因為吞天蟒這一意外情況,鄭若櫟果斷下令,又讓所有人對小山谷及其周邊十里之內,犁地一般再次搜尋一遍。
這就導致原本預計天黑就返程的,直到午夜浮鰩飛艇才升空。
而且,并非所有人都得以返回。
以鄭若霖為首的十人,主動選擇留了下來。
他們這一番調查發現,小山谷相對封閉,又有源源不斷的活水,元氣濃度也不低,周圍又沒有什么險地和危險元獸聚集區,可作為家族在十萬大山的一處培育基地。
鄭若霖他們留下來,一是繼續調查,二也是表明這里已被鄭家占據。
后續,鄭家會源源不斷的運送來人員和物資,加快小山谷的開發建設……
浮鰩飛艇多了吞天蟒這個重達萬斤的龐然大物,花熠明顯感覺到,飛艇在升空中困難許多,甚至有咯吱咯吱的近乎不堪重負的聲響傳來。
不僅如此,飛行速度也變慢了不少。
他們返回鄭家營地時,天際已泛起了魚肚白。
待飛艇停穩,花熠隨鄭家人一起下了飛艇,就察覺到一股濃重的血腥味撲面而來。
還有一群人圍了上來,,七嘴八舌地叫嚷著。
“鄭長老!”
“鄭叔,還請救命!”
“鄭叔,我快要不行了,救我!”
鄭若櫟目光一掃,發現圍上來的這些人都是世家子弟,不少人都是身纏帶血的綁帶,臉色慘白。
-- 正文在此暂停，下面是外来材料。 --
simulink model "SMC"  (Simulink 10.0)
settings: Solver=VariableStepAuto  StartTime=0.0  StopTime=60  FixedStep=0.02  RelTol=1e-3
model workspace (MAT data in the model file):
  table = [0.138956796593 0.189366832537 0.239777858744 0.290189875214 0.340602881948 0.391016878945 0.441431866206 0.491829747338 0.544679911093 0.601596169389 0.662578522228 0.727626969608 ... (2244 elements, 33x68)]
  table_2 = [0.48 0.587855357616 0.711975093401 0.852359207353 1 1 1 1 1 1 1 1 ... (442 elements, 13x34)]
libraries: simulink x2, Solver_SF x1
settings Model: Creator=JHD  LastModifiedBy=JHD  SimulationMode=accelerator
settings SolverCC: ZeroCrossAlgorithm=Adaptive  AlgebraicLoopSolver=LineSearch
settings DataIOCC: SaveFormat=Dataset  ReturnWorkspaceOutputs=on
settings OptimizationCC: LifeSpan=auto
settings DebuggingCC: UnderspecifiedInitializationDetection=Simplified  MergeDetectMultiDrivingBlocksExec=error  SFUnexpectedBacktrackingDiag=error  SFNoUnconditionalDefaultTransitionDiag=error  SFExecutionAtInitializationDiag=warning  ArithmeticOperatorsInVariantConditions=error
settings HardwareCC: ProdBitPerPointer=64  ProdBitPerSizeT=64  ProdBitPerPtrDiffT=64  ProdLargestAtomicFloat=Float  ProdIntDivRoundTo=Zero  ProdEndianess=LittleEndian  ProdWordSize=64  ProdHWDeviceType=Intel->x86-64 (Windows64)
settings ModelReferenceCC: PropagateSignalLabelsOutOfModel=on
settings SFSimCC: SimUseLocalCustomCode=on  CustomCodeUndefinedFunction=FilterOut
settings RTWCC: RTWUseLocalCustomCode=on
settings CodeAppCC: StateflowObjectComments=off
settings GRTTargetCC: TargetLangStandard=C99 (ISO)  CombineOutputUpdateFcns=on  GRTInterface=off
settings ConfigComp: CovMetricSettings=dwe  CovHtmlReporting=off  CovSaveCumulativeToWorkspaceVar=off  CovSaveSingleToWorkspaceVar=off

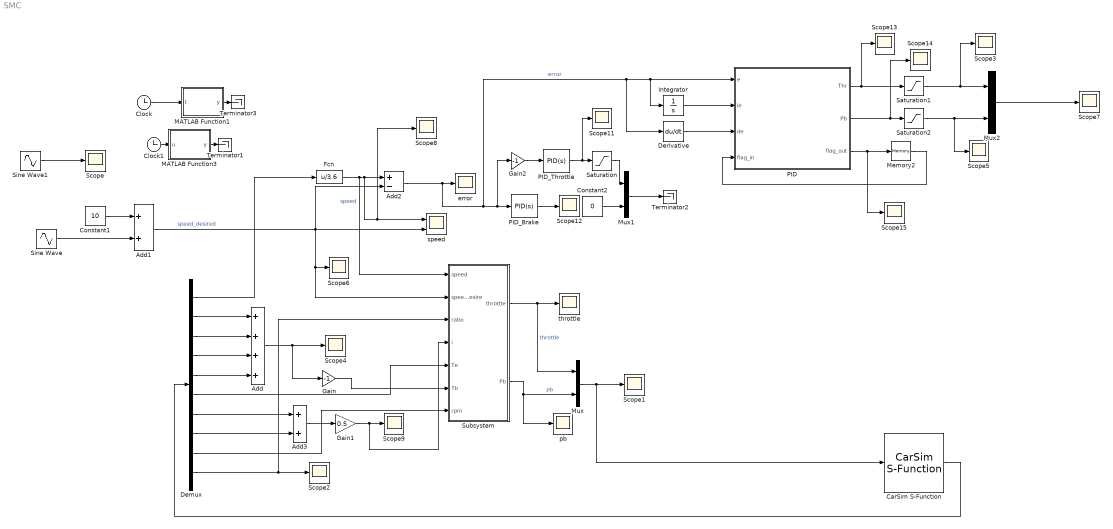
== system SMC ==
  Add : Sum  Inputs=++++
  Add1 : Sum
  Add2 : Sum  Inputs=+-
  Add3 : Sum
  CarSim S-Function : Solver_SF/CarSim S-Function  Priority=1  SIMFILE=simfile.sim
  Clock : Clock
  Clock1 : Clock
  Constant1 : Constant  Value=10
  Constant2 : Constant  Value=0
  Demux : Demux  Outputs=10
  Derivative : Derivative
  Fcn : Fcn  Expr=u/3.6
  Gain : Gain  Gain=-1
  Gain1 : Gain  Gain=0.5
  Gain2 : Gain  Gain=-1
  Integrator : Integrator
  MATLAB Function1 : MATLAB Function  TreatAsAtomicUnit=on
  MATLAB Function3 : MATLAB Function  TreatAsAtomicUnit=on
  Memory2 : Memory
  Mux : Mux  Inputs=2
  Mux1 : Mux  Inputs=2
  Mux2 : Mux  Inputs=2
  PID : MATLAB Function  TreatAsAtomicUnit=on
  PID_Brake : simulink/Continuous/PID Controller  Controller=PID  Form=Parallel  TimeDomain=Continuous-time  SampleTime=-1  IntegratorMethod=Forward Euler  FilterMethod=Forward Euler  ControllerParametersSource=internal  P=1  I=0  D=0  UseFilter=on  N=100  TunerSelectOption=Transfer Function Based (PID Tuner App)  InitialConditionSource=internal  InitialConditionForIntegrator=0  InitialConditionForFilter=0  DifferentiatorICPrevScaledInput=0  ExternalReset=none  TrackingMode=off  Kt=1  LimitOutput=off  UpperSaturationLimit=inf  LowerSaturationLimit=-inf  LinearizeAsGain=on  AntiWindupMode=none  Kb=1  POutMin=[]  POutMax=[]  IOutMin=[]  IOutMax=[]  DOutMin=[]  DOutMax=[]  NOutMin=[]  NOutMax=[]  SumOutMin=[]  SumOutMax=[]  SaturationOutMin=[]  SaturationOutMax=[]  PParamMin=[]  PParamMax=[]  IParamMin=[]  IParamMax=[]  DParamMin=[]  DParamMax=[]  NParamMin=[]  NParamMax=[]  KbParamMin=[]  KbParamMax=[]  KtParamMin=[]  KtParamMax=[]  KbOutMin=[]  KbOutMax=[]  KtOutMin=[]  KtOutMax=[]  IntegratorOutMin=[]  IntegratorOutMax=[]  FilterOutMin=[]  FilterOutMax=[]  SumI1OutMin=[]  SumI1OutMax=[]  SumI2OutMin=[]  SumI2OutMax=[]  SumI3OutMin=[]  SumI3OutMax=[]  SumI4OutMin=[]  SumI4OutMax=[]  SumDOutMin=[]  SumDOutMax=[]  DifferentiatorOutMin=[]  DifferentiatorOutMax=[]  FilterDiffOutCoefMin=[]  FilterDiffOutCoefMax=[]  ReciprocalOutMin=[]  ReciprocalOutMax=[]  SumDenOutMin=[]  SumDenOutMax=[]  SumNumOutMin=[]  SumNumOutMax=[]  DivideOutMin=[]  DivideOutMax=[]  IntegratorContinuousStateAttributes=''  IntegratorStateMustResolveToSignalObject=off  IntegratorRTWStateStorageClass=Auto  FilterContinuousStateAttributes=''  FilterStateMustResolveToSignalObject=off  FilterRTWStateStorageClass=Auto  ParallelPVariant=InternalParameters  IdealPVariant=Disabled  IVariant=InternalParameters  DVariant=InternalParameters  IntegratorVariant=Continuous  SatVariant=Disabled  AWVariant=Passthrough  PCopyVariant=Disabled  TRVariant=Disabled  FdbkBlocksVariant=Forward  IdealPFdbkVariant=Disabled  SatFdbkVariant=Disabled  DerivativeFilterVariant=ContFilter  NVariant=InternalParameters  NCopyVariant=Disabled  FilterICVariant=InternalICsFilter  IntegratorICVariant=InternalICs  ExternalResetVariant=Disabled  TRSumVariant=Passthrough  SumFdbkVariant=Disabled  SumVariant=Sum_PID
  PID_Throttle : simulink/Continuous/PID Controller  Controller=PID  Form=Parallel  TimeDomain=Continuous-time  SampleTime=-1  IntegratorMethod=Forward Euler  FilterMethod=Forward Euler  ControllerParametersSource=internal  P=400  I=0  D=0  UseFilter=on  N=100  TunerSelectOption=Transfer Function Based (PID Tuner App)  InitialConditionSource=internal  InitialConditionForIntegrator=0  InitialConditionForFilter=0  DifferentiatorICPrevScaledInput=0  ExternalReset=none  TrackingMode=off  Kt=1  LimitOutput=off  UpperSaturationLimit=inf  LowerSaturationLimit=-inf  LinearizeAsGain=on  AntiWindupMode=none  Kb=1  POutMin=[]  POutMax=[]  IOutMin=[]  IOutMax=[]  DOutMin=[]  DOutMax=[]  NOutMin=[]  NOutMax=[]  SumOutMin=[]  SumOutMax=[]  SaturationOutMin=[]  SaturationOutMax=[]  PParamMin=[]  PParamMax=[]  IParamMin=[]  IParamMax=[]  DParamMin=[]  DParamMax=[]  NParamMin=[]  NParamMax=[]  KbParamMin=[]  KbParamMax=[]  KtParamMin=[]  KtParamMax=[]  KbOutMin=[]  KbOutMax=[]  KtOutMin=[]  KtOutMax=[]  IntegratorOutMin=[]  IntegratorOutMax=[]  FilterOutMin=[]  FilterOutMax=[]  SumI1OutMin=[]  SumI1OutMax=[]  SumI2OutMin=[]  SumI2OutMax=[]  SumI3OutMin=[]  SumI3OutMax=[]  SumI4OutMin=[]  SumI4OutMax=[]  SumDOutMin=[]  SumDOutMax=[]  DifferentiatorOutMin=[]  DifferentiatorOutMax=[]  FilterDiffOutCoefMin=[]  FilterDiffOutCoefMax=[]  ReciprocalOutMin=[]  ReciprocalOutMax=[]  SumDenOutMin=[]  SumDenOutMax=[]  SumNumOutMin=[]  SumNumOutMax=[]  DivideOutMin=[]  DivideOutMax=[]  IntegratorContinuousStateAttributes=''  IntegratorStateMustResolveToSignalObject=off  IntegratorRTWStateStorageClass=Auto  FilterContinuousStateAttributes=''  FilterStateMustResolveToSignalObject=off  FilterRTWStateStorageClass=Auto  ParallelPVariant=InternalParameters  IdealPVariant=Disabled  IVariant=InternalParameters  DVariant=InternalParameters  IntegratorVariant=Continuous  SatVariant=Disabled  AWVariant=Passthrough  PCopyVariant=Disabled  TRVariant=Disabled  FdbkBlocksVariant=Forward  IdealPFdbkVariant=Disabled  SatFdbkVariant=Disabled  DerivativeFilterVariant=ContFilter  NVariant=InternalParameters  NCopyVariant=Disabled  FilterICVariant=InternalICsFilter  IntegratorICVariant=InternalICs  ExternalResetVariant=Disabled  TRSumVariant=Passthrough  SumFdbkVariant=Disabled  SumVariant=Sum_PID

他看向留守營地的一位鄭家人,問道:“鄭執事,發生了何事?”
被問話的鄭執事欠身,連忙回道:“回長老,就在昨日下午,他們發現了那五彩吞天蟒,展開了圍追捕殺。”
“不料卻中了那吞天蟒的迷幻神光,圍殺之人反而自相殘殺起來。”
這話,讓花熠、鄭思齊、鄭果果幾人不禁交換了一下彼此的目光。
又有一條五彩吞天蟒?!
鄭執事接著介紹道:“據說當時場面十分混亂,至少出現了二三百人的死傷。一些重傷者送到了我們這,希望能借助我們鄭家的浮鰩飛艇送回西京療傷。”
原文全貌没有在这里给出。